The interaction between Java threads affects the performance of your application. This chapter describes how to tune the interaction between Java threads.
There are two ways to tune the interaction of threads:
By modifying the structure of your program code; for example, minimizing the amount of contention between threads
By using options in the Oracle JRockit JVM that affect how contention is handled when your application is running
This chapter describes the following topics:
For more information about how the JRockit JVM handles threads and locks, see the "Understanding Threads and Locks" section in Oracle JRockit Introduction to the JDK.
You can configure the JRockit Flight Recorder to collect and analyze information about the locks and the contention that occurred while the Flight Recorder was recording. To do this, add the following option when you start your application:
-XX:+UseLockProfiling
When lock profiling is enabled, you can view information about Java locks on the Lock Profiling tab in the JRockit Mission Control Client.
Note:
Lock profiling creates significant (approximately 20 percent) overhead processing when your Java application runs.
Two diagnostic commands are tied to the lock profile counters. To work, both require lock profiling to be enabled with the -XX:+UseLockProfiling option. These are used with the jrcmd utility:
The lockprofile_print command prints the current values of the lock profile counters.
The lockprofile_reset command resets the current values of the lock profile counters.
For more information about diagnostic commands, see the Oracle JRockit Diagnostics and Troubleshooting Guide.

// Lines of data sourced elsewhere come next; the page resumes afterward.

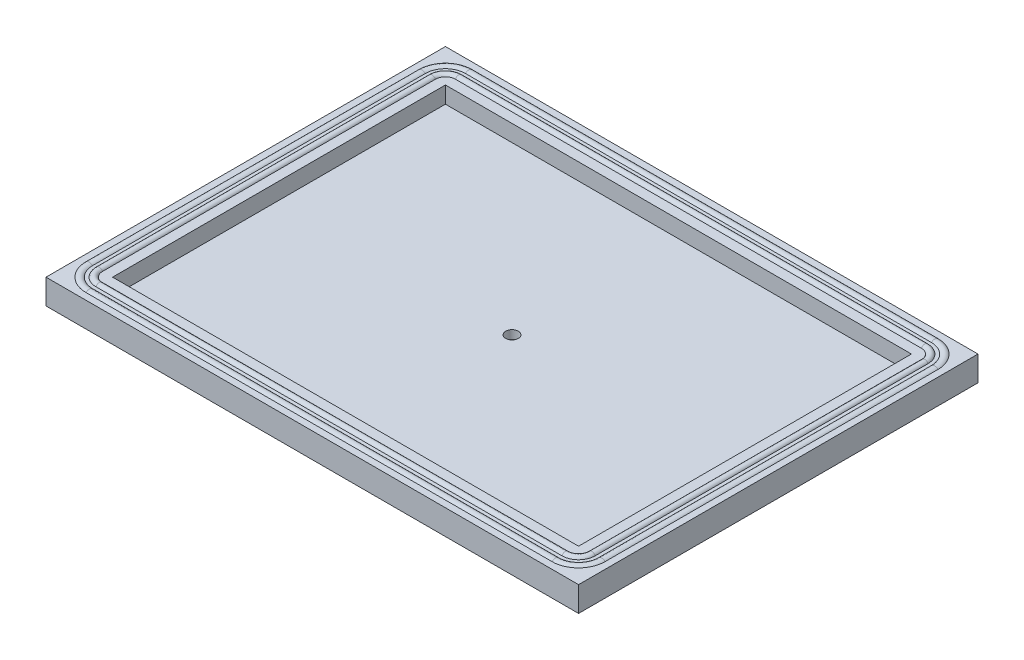
ISO-10303-21;
HEADER;
FILE_DESCRIPTION(('STEP AP214'),'2;1');
FILE_NAME('part.step','',(''),(''),'','','');
FILE_SCHEMA(('AUTOMOTIVE_DESIGN { 1 0 10303 214 1 1 1 1 }'));
ENDSEC;
DATA;
#1=APPLICATION_CONTEXT('core data for automotive mechanical design processes');
#2=APPLICATION_PROTOCOL_DEFINITION('international standard','automotive_design',2000,#1);
#3=PRODUCT_CONTEXT('',#1,'mechanical');
#4=PRODUCT('Part','Part','',(#3));
#5=PRODUCT_RELATED_PRODUCT_CATEGORY('part','',(#4));
#6=PRODUCT_DEFINITION_FORMATION('','',#4);
#7=PRODUCT_DEFINITION_CONTEXT('part definition',#1,'design');
#8=PRODUCT_DEFINITION('design','',#6,#7);
#9=PRODUCT_DEFINITION_SHAPE('','',#8);
#10=(LENGTH_UNIT() NAMED_UNIT(*) SI_UNIT(.MILLI.,.METRE.));
#11=(NAMED_UNIT(*) PLANE_ANGLE_UNIT() SI_UNIT($,.RADIAN.));
#12=(NAMED_UNIT(*) SI_UNIT($,.STERADIAN.) SOLID_ANGLE_UNIT());
#13=UNCERTAINTY_MEASURE_WITH_UNIT(LENGTH_MEASURE(1.E-05),#10,'distance_accuracy_value','');
#14=(GEOMETRIC_REPRESENTATION_CONTEXT(3) GLOBAL_UNCERTAINTY_ASSIGNED_CONTEXT((#13)) GLOBAL_UNIT_ASSIGNED_CONTEXT((#10,
#11,#12)) REPRESENTATION_CONTEXT('',''));
#15=CARTESIAN_POINT('',(0.,0.,0.));
#16=DIRECTION('',(0.,0.,1.));
#17=DIRECTION('',(1.,0.,0.));
#18=AXIS2_PLACEMENT_3D('',#15,#16,#17);
#19=CARTESIAN_POINT('',(71.4455159954874,9.525,-53.059627463619));
#20=DIRECTION('',(0.,1.,0.));
#21=DIRECTION('',(0.,0.,1.));
#22=AXIS2_PLACEMENT_3D('',#19,#20,#21);
#23=PLANE('',#22);
#24=CARTESIAN_POINT('',(84.1455159954874,9.525,86.640372536381));
#25=DIRECTION('',(0.,-1.,0.));
#26=DIRECTION('',(0.,0.,-1.));
#27=AXIS2_PLACEMENT_3D('',#24,#25,#26);
#28=CIRCLE('',#27,7.61999999999996);
#29=CARTESIAN_POINT('',(84.1455159954874,9.525,94.2603725363809));
#30=VERTEX_POINT('',#29);
#31=CARTESIAN_POINT('',(76.5255159954874,9.525,86.6403725363809));
#32=VERTEX_POINT('',#31);
#33=EDGE_CURVE('E71',#30,#32,#28,.T.);
#34=ORIENTED_EDGE('',*,*,#33,.F.);
#35=DIRECTION('',(-1.,0.,0.));
#36=VECTOR('',#35,1.);
#37=CARTESIAN_POINT('',(261.945515995487,9.525,94.2603725363809));
#38=LINE('',#37,#36);
#39=CARTESIAN_POINT('',(261.945515995487,9.525,94.2603725363809));
#40=VERTEX_POINT('',#39);
#41=EDGE_CURVE('E269',#40,#30,#38,.T.);
#42=ORIENTED_EDGE('',*,*,#41,.F.);
#43=CARTESIAN_POINT('',(261.945515995487,9.525,86.640372536381));
#44=DIRECTION('',(0.,-1.,0.));
#45=DIRECTION('',(0.,0.,-1.));
#46=AXIS2_PLACEMENT_3D('',#43,#44,#45);
#47=CIRCLE('',#46,7.61999999999996);
#48=CARTESIAN_POINT('',(269.565515995487,9.525,86.640372536381));
#49=VERTEX_POINT('',#48);
#50=EDGE_CURVE('E261',#49,#40,#47,.T.);
#51=ORIENTED_EDGE('',*,*,#50,.F.);
#52=DIRECTION('',(0.,0.,1.));
#53=VECTOR('',#52,1.);
#54=CARTESIAN_POINT('',(269.565515995487,9.525,-40.359627463619));
#55=LINE('',#54,#53);
#56=CARTESIAN_POINT('',(269.565515995487,9.525,-40.359627463619));
#57=VERTEX_POINT('',#56);
#58=EDGE_CURVE('E253',#57,#49,#55,.T.);
#59=ORIENTED_EDGE('',*,*,#58,.F.);
#60=CARTESIAN_POINT('',(261.945515995487,9.525,-40.3596274636191));
#61=DIRECTION('',(0.,-1.,0.));
#62=DIRECTION('',(0.,0.,-1.));
#63=AXIS2_PLACEMENT_3D('',#60,#61,#62);
#64=CIRCLE('',#63,7.62000000000004);
#65=CARTESIAN_POINT('',(261.945515995487,9.525,-47.9796274636191));
#66=VERTEX_POINT('',#65);
#67=EDGE_CURVE('E245',#66,#57,#64,.T.);
#68=ORIENTED_EDGE('',*,*,#67,.F.);
#69=DIRECTION('',(1.,0.,0.));
#70=VECTOR('',#69,1.);
#71=CARTESIAN_POINT('',(84.1455159954874,9.525,-47.979627463619));
#72=LINE('',#71,#70);
#73=CARTESIAN_POINT('',(84.1455159954874,9.525,-47.979627463619));
#74=VERTEX_POINT('',#73);
#75=EDGE_CURVE('E229',#74,#66,#72,.T.);
#76=ORIENTED_EDGE('',*,*,#75,.F.);
#77=CARTESIAN_POINT('',(84.1455159954874,9.525,-40.359627463619));
#78=DIRECTION('',(0.,-1.,0.));
#79=DIRECTION('',(0.,0.,-1.));
#80=AXIS2_PLACEMENT_3D('',#77,#78,#79);
#81=CIRCLE('',#80,7.62);
#82=CARTESIAN_POINT('',(76.5255159954874,9.525,-40.359627463619));
#83=VERTEX_POINT('',#82);
#84=EDGE_CURVE('E212',#83,#74,#81,.T.);
#85=ORIENTED_EDGE('',*,*,#84,.F.);
#86=DIRECTION('',(0.,0.,1.));
#87=VECTOR('',#86,1.);
#88=CARTESIAN_POINT('',(76.5255159954874,9.525,-40.359627463619));
#89=LINE('',#88,#87);
#90=EDGE_CURVE('E220',#83,#32,#89,.T.);
#91=ORIENTED_EDGE('',*,*,#90,.T.);
#92=EDGE_LOOP('',(#34,#42,#51,#59,#68,#76,#85,#91));
#93=FACE_BOUND('',#92,.T.);
#94=CARTESIAN_POINT('',(84.1455159954874,9.525,86.640372536381));
#95=DIRECTION('',(0.,-1.,0.));
#96=DIRECTION('',(0.,0.,-1.));
#97=AXIS2_PLACEMENT_3D('',#94,#95,#96);
#98=CIRCLE('',#97,6.34999999999991);
#99=CARTESIAN_POINT('',(84.1455159954874,9.525,92.9903725363809));
#100=VERTEX_POINT('',#99);
#101=CARTESIAN_POINT('',(77.7955159954875,9.525,86.6403725363809));
#102=VERTEX_POINT('',#101);
#103=EDGE_CURVE('E337',#100,#102,#98,.T.);
#104=ORIENTED_EDGE('',*,*,#103,.T.);
#105=DIRECTION('',(0.,0.,1.));
#106=VECTOR('',#105,1.);
#107=CARTESIAN_POINT('',(77.7955159954874,9.525,-40.359627463619));
#108=LINE('',#107,#106);
#109=CARTESIAN_POINT('',(77.7955159954874,9.525,-40.359627463619));
#110=VERTEX_POINT('',#109);
#111=EDGE_CURVE('E284',#110,#102,#108,.T.);
#112=ORIENTED_EDGE('',*,*,#111,.F.);
#113=CARTESIAN_POINT('',(84.1455159954874,9.525,-40.359627463619));
#114=DIRECTION('',(0.,-1.,0.));
#115=DIRECTION('',(0.,0.,-1.));
#116=AXIS2_PLACEMENT_3D('',#113,#114,#115);
#117=CIRCLE('',#116,6.34999999999998);
#118=CARTESIAN_POINT('',(84.1455159954874,9.525,-46.709627463619));
#119=VERTEX_POINT('',#118);
#120=EDGE_CURVE('E287',#110,#119,#117,.T.);
#121=ORIENTED_EDGE('',*,*,#120,.T.);
#122=DIRECTION('',(1.,0.,0.));
#123=VECTOR('',#122,1.);
#124=CARTESIAN_POINT('',(84.1455159954874,9.525,-46.709627463619));
#125=LINE('',#124,#123);
#126=CARTESIAN_POINT('',(261.945515995487,9.525,-46.7096274636191));
#127=VERTEX_POINT('',#126);
#128=EDGE_CURVE('E296',#119,#127,#125,.T.);
#129=ORIENTED_EDGE('',*,*,#128,.T.);
#130=CARTESIAN_POINT('',(261.945515995487,9.525,-40.3596274636191));
#131=DIRECTION('',(0.,-1.,0.));
#132=DIRECTION('',(0.,0.,-1.));
#133=AXIS2_PLACEMENT_3D('',#130,#131,#132);
#134=CIRCLE('',#133,6.35000000000002);
#135=CARTESIAN_POINT('',(268.295515995487,9.525,-40.359627463619));
#136=VERTEX_POINT('',#135);
#137=EDGE_CURVE('E304',#127,#136,#134,.T.);
#138=ORIENTED_EDGE('',*,*,#137,.T.);
#139=DIRECTION('',(0.,0.,1.));
#140=VECTOR('',#139,1.);
#141=CARTESIAN_POINT('',(268.295515995487,9.525,-40.359627463619));
#142=LINE('',#141,#140);
#143=CARTESIAN_POINT('',(268.295515995487,9.525,86.640372536381));
#144=VERTEX_POINT('',#143);
#145=EDGE_CURVE('E312',#136,#144,#142,.T.);
#146=ORIENTED_EDGE('',*,*,#145,.T.);
#147=CARTESIAN_POINT('',(261.945515995487,9.525,86.640372536381));
#148=DIRECTION('',(0.,-1.,0.));
#149=DIRECTION('',(0.,0.,-1.));
#150=AXIS2_PLACEMENT_3D('',#147,#148,#149);
#151=CIRCLE('',#150,6.34999999999991);
#152=CARTESIAN_POINT('',(261.945515995487,9.525,92.9903725363809));
#153=VERTEX_POINT('',#152);
#154=EDGE_CURVE('E320',#144,#153,#151,.T.);
#155=ORIENTED_EDGE('',*,*,#154,.T.);
#156=DIRECTION('',(-1.,0.,0.));
#157=VECTOR('',#156,1.);
#158=CARTESIAN_POINT('',(261.945515995487,9.525,92.9903725363809));
#159=LINE('',#158,#157);
#160=EDGE_CURVE('E328',#153,#100,#159,.T.);
#161=ORIENTED_EDGE('',*,*,#160,.T.);
#162=EDGE_LOOP('',(#104,#112,#121,#129,#138,#146,#155,#161));
#163=FACE_BOUND('',#162,.T.);
#164=ADVANCED_FACE('F47',(#93,#163),#23,.T.);
#165=CARTESIAN_POINT('',(84.1455159954874,8.90587499999998,86.640372536381));
#166=DIRECTION('',(0.,-1.,0.));
#167=DIRECTION('',(0.,0.,-1.));
#168=AXIS2_PLACEMENT_3D('',#165,#166,#167);
#169=TOROIDAL_SURFACE('',#168,5.07999999999992,1.412875);
#170=CARTESIAN_POINT('',(84.1455159954874,8.90587499999998,91.7203725363809));
#171=DIRECTION('',(-1.,0.,0.));
#172=DIRECTION('',(0.,0.,1.));
#173=AXIS2_PLACEMENT_3D('',#170,#171,#172);
#174=CIRCLE('',#173,1.412875);
#175=CARTESIAN_POINT('',(84.1455159954874,9.52500000000001,90.4503725363809));
#176=VERTEX_POINT('',#175);
#177=EDGE_CURVE('E326',#100,#176,#174,.T.);
#178=ORIENTED_EDGE('',*,*,#177,.T.);
#179=CARTESIAN_POINT('',(84.1455159954874,9.52500000000001,86.640372536381));
#180=DIRECTION('',(0.,-1.,0.));
#181=DIRECTION('',(0.,0.,-1.));
#182=AXIS2_PLACEMENT_3D('',#179,#180,#181);
#183=CIRCLE('',#182,3.80999999999992);
#184=CARTESIAN_POINT('',(80.3355159954874,9.525,86.6403725363809));
#185=VERTEX_POINT('',#184);
#186=EDGE_CURVE('E340',#176,#185,#183,.T.);
#187=ORIENTED_EDGE('',*,*,#186,.T.);
#188=CARTESIAN_POINT('',(79.0655159954875,8.90587499999998,86.6403725363809));
#189=DIRECTION('',(0.,0.,-1.));
#190=DIRECTION('',(-1.,0.,0.));
#191=AXIS2_PLACEMENT_3D('',#188,#189,#190);
#192=CIRCLE('',#191,1.412875);
#193=EDGE_CURVE('E334',#102,#185,#192,.T.);
#194=ORIENTED_EDGE('',*,*,#193,.F.);
#195=ORIENTED_EDGE('',*,*,#103,.F.);
#196=EDGE_LOOP('',(#178,#187,#194,#195));
#197=FACE_BOUND('',#196,.T.);
#198=ADVANCED_FACE('F430',(#197),#169,.T.);
#199=CARTESIAN_POINT('',(261.945515995487,8.90587499999998,91.7203725363809));
#200=DIRECTION('',(-1.,0.,0.));
#201=DIRECTION('',(0.,0.,1.));
#202=AXIS2_PLACEMENT_3D('',#199,#200,#201);
#203=CYLINDRICAL_SURFACE('',#202,1.412875);
#204=CARTESIAN_POINT('',(261.945515995487,8.90587499999998,91.7203725363809));
#205=DIRECTION('',(-1.,0.,0.));
#206=DIRECTION('',(0.,0.,1.));
#207=AXIS2_PLACEMENT_3D('',#204,#205,#206);
#208=CIRCLE('',#207,1.412875);
#209=CARTESIAN_POINT('',(261.945515995487,9.52500000000001,90.4503725363809));
#210=VERTEX_POINT('',#209);
#211=EDGE_CURVE('E318',#153,#210,#208,.T.);
#212=ORIENTED_EDGE('',*,*,#211,.T.);
#213=DIRECTION('',(-1.,0.,0.));
#214=VECTOR('',#213,1.);
#215=CARTESIAN_POINT('',(261.945515995487,9.52500000000001,90.4503725363809));
#216=LINE('',#215,#214);
#217=EDGE_CURVE('E331',#210,#176,#216,.T.);
#218=ORIENTED_EDGE('',*,*,#217,.T.);
#219=ORIENTED_EDGE('',*,*,#177,.F.);
#220=ORIENTED_EDGE('',*,*,#160,.F.);
#221=EDGE_LOOP('',(#212,#218,#219,#220));
#222=FACE_BOUND('',#221,.T.);
#223=ADVANCED_FACE('F436',(#222),#203,.T.);
#224=CARTESIAN_POINT('',(261.945515995487,8.90587499999998,86.640372536381));
#225=DIRECTION('',(0.,-1.,0.));
#226=DIRECTION('',(0.,0.,-1.));
#227=AXIS2_PLACEMENT_3D('',#224,#225,#226);
#228=TOROIDAL_SURFACE('',#227,5.07999999999992,1.412875);
#229=CARTESIAN_POINT('',(267.025515995487,8.90587499999998,86.640372536381));
#230=DIRECTION('',(0.,0.,1.));
#231=DIRECTION('',(1.,0.,0.));
#232=AXIS2_PLACEMENT_3D('',#229,#230,#231);
#233=CIRCLE('',#232,1.412875);
#234=CARTESIAN_POINT('',(265.755515995487,9.52500000000001,86.640372536381));
#235=VERTEX_POINT('',#234);
#236=EDGE_CURVE('E310',#144,#235,#233,.T.);
#237=ORIENTED_EDGE('',*,*,#236,.T.);
#238=CARTESIAN_POINT('',(261.945515995487,9.52500000000001,86.640372536381));
#239=DIRECTION('',(0.,-1.,0.));
#240=DIRECTION('',(0.,0.,-1.));
#241=AXIS2_PLACEMENT_3D('',#238,#239,#240);
#242=CIRCLE('',#241,3.80999999999992);
#243=EDGE_CURVE('E323',#235,#210,#242,.T.);
#244=ORIENTED_EDGE('',*,*,#243,.T.);
#245=ORIENTED_EDGE('',*,*,#211,.F.);
#246=ORIENTED_EDGE('',*,*,#154,.F.);
#247=EDGE_LOOP('',(#237,#244,#245,#246));
#248=FACE_BOUND('',#247,.T.);
#249=ADVANCED_FACE('F666',(#248),#228,.T.);
#250=CARTESIAN_POINT('',(267.025515995487,8.90587499999998,-40.359627463619));
#251=DIRECTION('',(0.,0.,1.));
#252=DIRECTION('',(1.,0.,0.));
#253=AXIS2_PLACEMENT_3D('',#250,#251,#252);
#254=CYLINDRICAL_SURFACE('',#253,1.412875);
#255=CARTESIAN_POINT('',(267.025515995487,8.90587499999998,-40.359627463619));
#256=DIRECTION('',(0.,0.,1.));
#257=DIRECTION('',(1.,0.,0.));
#258=AXIS2_PLACEMENT_3D('',#255,#256,#257);
#259=CIRCLE('',#258,1.412875);
#260=CARTESIAN_POINT('',(265.755515995487,9.52500000000001,-40.359627463619));
#261=VERTEX_POINT('',#260);
#262=EDGE_CURVE('E302',#136,#261,#259,.T.);
#263=ORIENTED_EDGE('',*,*,#262,.T.);
#264=DIRECTION('',(0.,0.,1.));
#265=VECTOR('',#264,1.);
#266=CARTESIAN_POINT('',(265.755515995487,9.52500000000001,-40.359627463619));
#267=LINE('',#266,#265);
#268=EDGE_CURVE('E315',#261,#235,#267,.T.);
#269=ORIENTED_EDGE('',*,*,#268,.T.);
#270=ORIENTED_EDGE('',*,*,#236,.F.);
#271=ORIENTED_EDGE('',*,*,#145,.F.);
#272=EDGE_LOOP('',(#263,#269,#270,#271));
#273=FACE_BOUND('',#272,.T.);
#274=ADVANCED_FACE('F656',(#273),#254,.T.);
#275=CARTESIAN_POINT('',(261.945515995487,8.90587499999998,-40.3596274636191));
#276=DIRECTION('',(0.,-1.,0.));
#277=DIRECTION('',(0.,0.,-1.));
#278=AXIS2_PLACEMENT_3D('',#275,#276,#277);
#279=TOROIDAL_SURFACE('',#278,5.08000000000004,1.412875);
#280=CARTESIAN_POINT('',(261.945515995487,8.90587499999998,-45.4396274636191));
#281=DIRECTION('',(1.,0.,0.));
#282=DIRECTION('',(0.,0.,-1.));
#283=AXIS2_PLACEMENT_3D('',#280,#281,#282);
#284=CIRCLE('',#283,1.412875);
#285=CARTESIAN_POINT('',(261.945515995487,9.52500000000001,-44.1696274636191));
#286=VERTEX_POINT('',#285);
#287=EDGE_CURVE('E294',#127,#286,#284,.T.);
#288=ORIENTED_EDGE('',*,*,#287,.T.);
#289=CARTESIAN_POINT('',(261.945515995487,9.52500000000001,-40.3596274636191));
#290=DIRECTION('',(0.,-1.,0.));
#291=DIRECTION('',(0.,0.,-1.));
#292=AXIS2_PLACEMENT_3D('',#289,#290,#291);
#293=CIRCLE('',#292,3.81000000000003);
#294=EDGE_CURVE('E307',#286,#261,#293,.T.);
#295=ORIENTED_EDGE('',*,*,#294,.T.);
#296=ORIENTED_EDGE('',*,*,#262,.F.);
#297=ORIENTED_EDGE('',*,*,#137,.F.);
#298=EDGE_LOOP('',(#288,#295,#296,#297));
#299=FACE_BOUND('',#298,.T.);
#300=ADVANCED_FACE('F646',(#299),#279,.T.);
#301=CARTESIAN_POINT('',(84.1455159954874,8.90587499999998,-45.439627463619));
#302=DIRECTION('',(1.,0.,0.));
#303=DIRECTION('',(0.,0.,-1.));
#304=AXIS2_PLACEMENT_3D('',#301,#302,#303);
#305=CYLINDRICAL_SURFACE('',#304,1.412875);
#306=CARTESIAN_POINT('',(84.1455159954874,8.90587499999998,-45.439627463619));
#307=DIRECTION('',(1.,0.,0.));
#308=DIRECTION('',(0.,0.,-1.));
#309=AXIS2_PLACEMENT_3D('',#306,#307,#308);
#310=CIRCLE('',#309,1.412875);
#311=CARTESIAN_POINT('',(84.1455159954874,9.52500000000001,-44.169627463619));
#312=VERTEX_POINT('',#311);
#313=EDGE_CURVE('E285',#119,#312,#310,.T.);
#314=ORIENTED_EDGE('',*,*,#313,.T.);
#315=DIRECTION('',(1.,0.,0.));
#316=VECTOR('',#315,1.);
#317=CARTESIAN_POINT('',(84.1455159954874,9.52500000000001,-44.169627463619));
#318=LINE('',#317,#316);
#319=EDGE_CURVE('E299',#312,#286,#318,.T.);
#320=ORIENTED_EDGE('',*,*,#319,.T.);
#321=ORIENTED_EDGE('',*,*,#287,.F.);
#322=ORIENTED_EDGE('',*,*,#128,.F.);
#323=EDGE_LOOP('',(#314,#320,#321,#322));
#324=FACE_BOUND('',#323,.T.);
#325=ADVANCED_FACE('F636',(#324),#305,.T.);
#326=CARTESIAN_POINT('',(84.1455159954874,8.90587499999998,-40.359627463619));
#327=DIRECTION('',(0.,-1.,0.));
#328=DIRECTION('',(0.,0.,-1.));
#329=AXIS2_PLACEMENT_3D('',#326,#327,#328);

Spinning against a fat lock is generally beneficial. However, in some instances such as when you have locks that create long waiting periods and high contention it can be expensive in terms of performance. You can turn off spinning against a fat lock and eliminate a potential performance degradation with the following option:
-XX:-UseFatSpin
The option disables the fat lock spin code in Java, enabling threads that are trying to acquire a fat lock to go to a sleep state directly.
You can let the JVM decide whether threads should spin against a fat lock or not (and directly go into sleeping state when failing to take it).
To enable adaptive lock spinning, use the -XX:+UseAdaptiveFatSpin option.
By default, adaptive spinning against fat locks is disabled. Note that whether threads that fail to take a particular fat lock spin or go to sleep can change at run time.
If the amount of contention on a fat lock is small, the lock converts to a thin lock. This process is called lock deflation. Thin locks have higher performance for uncontended locks. Therefore, lock deflation is enabled by default.
If you do not want fat locks to deflate, run the application with the following option:
-XX:-UseFatLockDeflation
With lock deflation disabled, a fat lock remains as a fat lock even after there are no threads waiting to take the lock.
You can also tune for when lock deflation is triggered. Specify, with the following option, the number of uncontended fat lock unlocks that occur before deflation:
-XX:FatLockDeflationThreshold=NumberOfUnlocks
Lazy unlocking is intended for applications with many nonshared locks. Note that it can introduce performance penalties with applications that have many short-lived but shared locks.
When lazy unlocking is enabled, locks are not released when a critical section is exited. Instead, once a lock is acquired, the next thread that tries to acquire such a lock must ensure that the lock is or can be released. It does this by determining if the initial thread is using the lock. A shared lock converts to a normal lock and does not stay in lazy mode.
Lazy unlocking is enabled by default in the JRockit JVM for all garbage collection strategies except the deterministic garbage collector.